971 F2d 766 In Re Francis Ferri et Als

971 F.2d 766

297 U.S.App.D.C. 303

In re Francis FERRI, et al., Petitioners.

Nos. 91-8029, 92-5202.

United States Court of Appeals, District of Columbia Circuit.

June 5, 1992.

Before HARRY T. EDWARDS, BUCKLEY and SENTELLE, Circuit Judges.




Upon consideration of the application to proceed in forma pauperis and the petition for a writ of mandamus, it is


ORDERED that the motion to proceed in forma pauperis be granted. The Clerk is directed to enter the petition for a writ of mandamus on the court's general docket.

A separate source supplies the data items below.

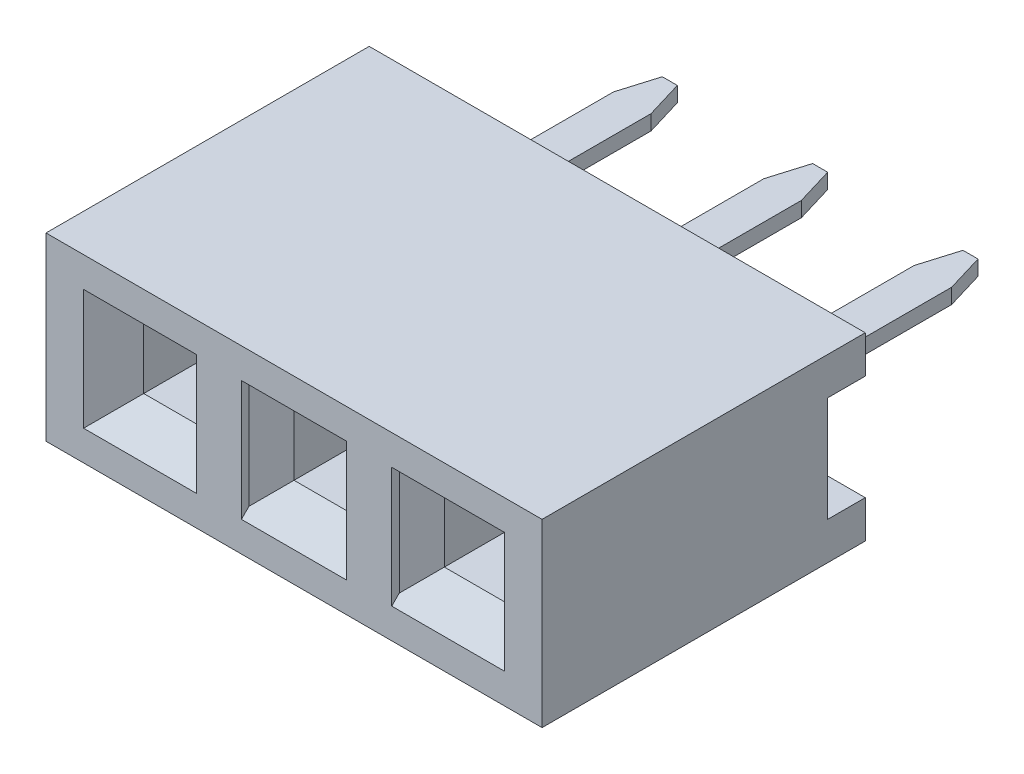
from build123d import *

# Parameters (mm, degrees)
SKETCH1_W           = 2.4
SKETCH1_H           = 4.3
BOSS_EXTRUDE1_DEPTH = 1.3
SKETCH_1_W          = 0.5
SKETCH_1_H          = 1.4
CUT_EXTRUDE_1_DEPTH = 6.166236541
SKETCH2_W           = 0.8
SKETCH2_H           = 0.8
CUT_EXTRUDE1_DEPTH  = 3.1
CHAMFER_1_SIZE      = 0.4
BOSS_EXTRUDE2_DEPTH = 0.1
LPATTERN1_COUNT     = 3
LPATTERN1_PITCH     = 2


with BuildPart() as part:
    # Sketch1 → Boss-Extrude1 (new, symmetric)
    with BuildSketch(Plane(origin=(0, 0, 0), x_dir=(0, -1, 0), z_dir=(1, 0, 0))):
        with Locations((0, -2.15)):
            Rectangle(SKETCH1_W, SKETCH1_H)
    extrude(amount=BOSS_EXTRUDE1_DEPTH, both=True)

    # Эскиз1 → Вырез-Вытянуть1 (cut, through all)
    with BuildSketch(Plane(origin=(1.3, 0, 0), x_dir=(0, 0, -1), z_dir=(1, 0, 0))):
        with Locations((-0.25, 0)):
            Rectangle(SKETCH_1_W, SKETCH_1_H)
    extrude(amount=-CUT_EXTRUDE_1_DEPTH, mode=Mode.SUBTRACT)

    # Sketch2 → Cut-Extrude1 (cut)
    with BuildSketch(Plane(origin=(0, 0, 4.3), x_dir=(-1, 0, 0), z_dir=(0, 0, 1))):
        Rectangle(SKETCH2_W, SKETCH2_H)
    extrude(amount=-CUT_EXTRUDE1_DEPTH, mode=Mode.SUBTRACT)

    # Фаска1
    chamfer_1_edges = [part.edges().sort_by_distance(p)[0] for p in [
        (-0.4, 0, 4.3),
        (0, -0.4, 4.3),
        (0.4, 0, 4.3),
        (0, 0.4, 4.3),
    ]]
    chamfer(chamfer_1_edges, length=CHAMFER_1_SIZE)

    # Sketch3 → Boss-Extrude2 (add, symmetric)
    with BuildSketch(Plane(origin=(0, 0, 0), x_dir=(1, 0, 0), z_dir=(0, 1, 0))):
        Polygon((-0.25, 0), (-0.25, 2.2), (-0.1, 2.7), (0.1, 2.7), (0.25, 2.2), (0.25, 0), (0.25, -0.5), (-0.25, -0.5), align=None)
        Polygon((0.4, -1.2), (-0.4, -1.2), (-0.4, -3.1), (-0.3, -3.1), (-0.3, -1.3), (0.3, -1.3), (0.3, -3.1), (0.4, -3.1), align=None)
    extrude(amount=BOSS_EXTRUDE2_DEPTH, both=True)


with BuildPart() as lpattern1_1:
    # LPattern1: pattern copy
    add(part.part.moved(Location(Vector(1, 0, 0) * (1 * LPATTERN1_PITCH))))


with BuildPart() as lpattern1_2:
    # LPattern1: pattern copy
    add(part.part.moved(Location(Vector(1, 0, 0) * (2 * LPATTERN1_PITCH))))


with BuildPart() as lpattern1_1_1:
    add(lpattern1_1.part)

    # Combine 1: union part, LPattern1_2
    add(part.part)
    add(lpattern1_2.part)


solid = lpattern1_1_1.part
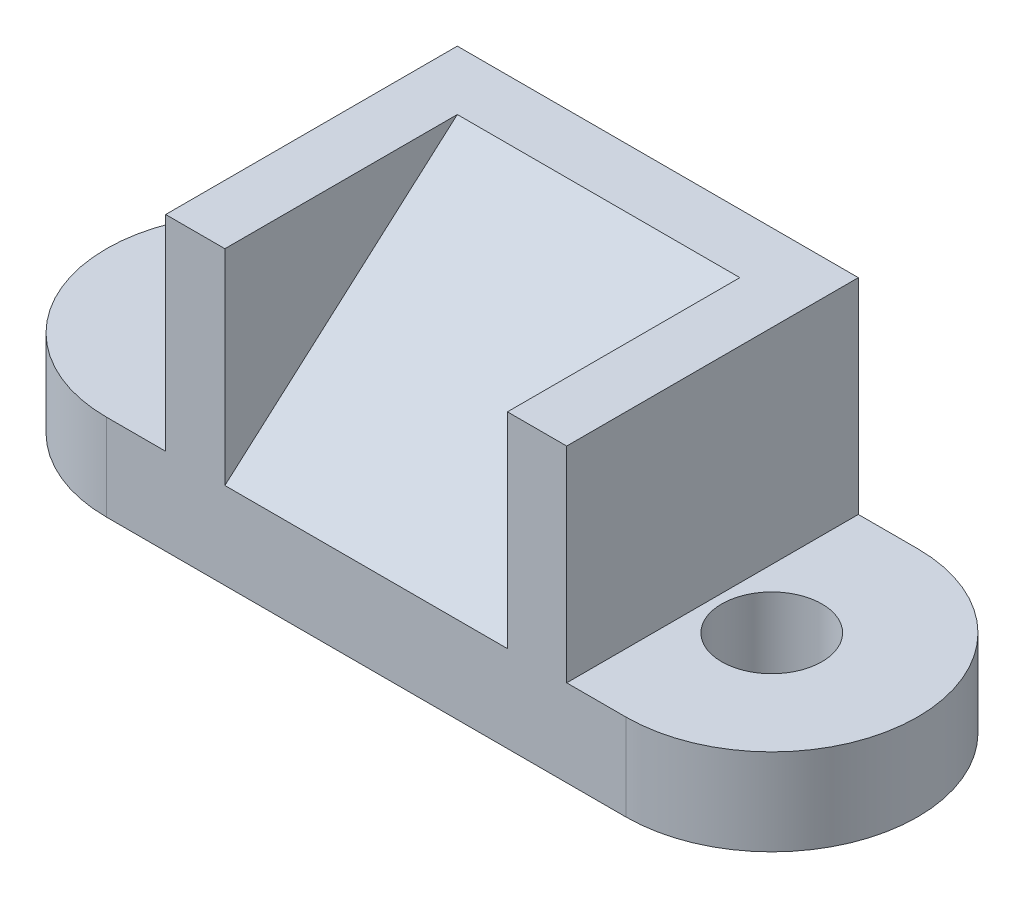
from build123d import *

# Parameters (mm, degrees)
BOSS_EXTRUDE2_DEPTH = 64
CUT_EXTRUDE3_START  = -45
CUT_EXTRUDE3_DEPTH  = 45
SKETCH7_R           = 11
CUT_EXTRUDE5_DEPTH  = 96
SKETCH8_R           = 11
CUT_EXTRUDE6_DEPTH  = 105
CUT_EXTRUDE7_START  = -45
CUT_EXTRUDE7_DEPTH  = 45
SKETCH10_W          = 13
SKETCH10_H          = 64
CUT_EXTRUDE8_DEPTH  = 45
SKETCH11_W          = 13
SKETCH11_H          = 64
CUT_EXTRUDE9_DEPTH  = 45
CUT_EXTRUDE12_DEPTH = 31
CUT_EXTRUDE13_DEPTH = 31


with BuildPart() as part:
    # Sketch1 → Boss-Extrude2 (new body)
    with BuildSketch(Plane(origin=(0, 0, 0), x_dir=(1, 0, 0), z_dir=(0, 1, 0))):
        with BuildLine():
            Line((0, -32), (114, -32))
            ThreePointArc((114, -32), (146, 0), (114, 32))
            Line((114, 32), (0, 32))
            ThreePointArc((0, 32), (-32, 0), (0, -32))
        make_face()
    extrude(amount=BOSS_EXTRUDE2_DEPTH)

    # Sketch6 → Cut-Extrude3 (cut)
    with BuildSketch(Plane(origin=(0, 64, 0), x_dir=(1, 0, 0), z_dir=(0, 1, 0)).offset(CUT_EXTRUDE3_START)):
        with BuildLine():
            Line((0, 32), (0, -32))
            ThreePointArc((0, -32), (-32, 0), (0, 32))
        make_face()
    extrude(amount=CUT_EXTRUDE3_DEPTH, mode=Mode.SUBTRACT)

    # Sketch7 → Cut-Extrude5 (cut)
    with BuildSketch(Plane(origin=(0, 64, 0), x_dir=(1, 0, 0), z_dir=(0, 1, 0))):
        with Locations(Location((0, 0, 0), (0, 0, 270))):
            Circle(SKETCH7_R)
    extrude(amount=-CUT_EXTRUDE5_DEPTH, mode=Mode.SUBTRACT)

    # Sketch8 → Cut-Extrude6 (cut)
    with BuildSketch(Plane(origin=(0, 64, 0), x_dir=(1, 0, 0), z_dir=(0, 1, 0))):
        with Locations(Location((114, 0, 0), (0, 0, 270))):
            Circle(SKETCH8_R)
    extrude(amount=-CUT_EXTRUDE6_DEPTH, mode=Mode.SUBTRACT)

    # Sketch9 → Cut-Extrude7 (cut)
    with BuildSketch(Plane(origin=(0, 64, 0), x_dir=(1, 0, 0), z_dir=(0, 1, 0)).offset(CUT_EXTRUDE7_START)):
        with BuildLine():
            Line((114, 32), (114, -32))
            ThreePointArc((114, -32), (146, 0), (114, 32))
        make_face()
    extrude(amount=CUT_EXTRUDE7_DEPTH, mode=Mode.SUBTRACT)

    # Sketch10 → Cut-Extrude8 (cut)
    with BuildSketch(Plane(origin=(0, 64, 0), x_dir=(1, 0, 0), z_dir=(0, 1, 0))):
        with Locations((6.5, 0)):
            Rectangle(SKETCH10_W, SKETCH10_H)
    extrude(amount=-CUT_EXTRUDE8_DEPTH, mode=Mode.SUBTRACT)

    # Sketch11 → Cut-Extrude9 (cut)
    with BuildSketch(Plane(origin=(0, 64, 0), x_dir=(1, 0, 0), z_dir=(0, 1, 0))):
        with Locations((107.5, 0)):
            Rectangle(SKETCH11_W, SKETCH11_H)
    extrude(amount=-CUT_EXTRUDE9_DEPTH, mode=Mode.SUBTRACT)

    # Sketch15 → Cut-Extrude12 (cut)
    with BuildSketch(Plane.ZY.offset(-57)):
        Polygon((-19, 64), (32, 19), (32, 64), align=None)
    extrude(amount=-CUT_EXTRUDE12_DEPTH, mode=Mode.SUBTRACT)

    # Sketch16 → Cut-Extrude13 (cut)
    with BuildSketch(Plane(origin=(57, 0, 0), x_dir=(0, 0, -1), z_dir=(1, 0, 0))):
        Polygon((-32, 64), (19, 64), (-32, 19), align=None)
    extrude(amount=-CUT_EXTRUDE13_DEPTH, mode=Mode.SUBTRACT)


solid = part.part

It is


FURTHER ORDERED that the petition for a writ of mandamus be denied. Mandamus is an extraordinary remedy to be granted only where essential to the interests of justice. Starnes v. McGuire, 512 F.2d 918, 929 (D.C.Cir.1974) (en banc). "The writ will issue to block a transfer only if the court concludes, upon review of the entire record, that the district court grossly abused its discretion." In re Tripati, 836 F.2d 1406, 1407 (D.C.Cir.1988). Because petitioners were essentially seeking an earlier parole date, the district court properly construed the habeas corpus. A challenge to parole eligibility, which can be pursued only via a habeas corpus action, is properly brought in a court with personal jurisdiction over the warden of the facility in which petitioner is incarcerated. See Chatman-Bey v. Thornburgh, 864 F.2d 804 (D.C.Cir.1988) (en banc). Accordingly, the district court did not abuse its discretion in transferring petitioners' action to the District of Kansas, where they are incarcerated.

NOTICE: D.C. Circuit Local Rule 11(c) states that unpublished orders, judgments, and explanatory memoranda may not be cited as precedents, but counsel may refer to unpublished dispositions when the binding or preclusive effect of the disposition, rather than its quality as precedent, is relevant.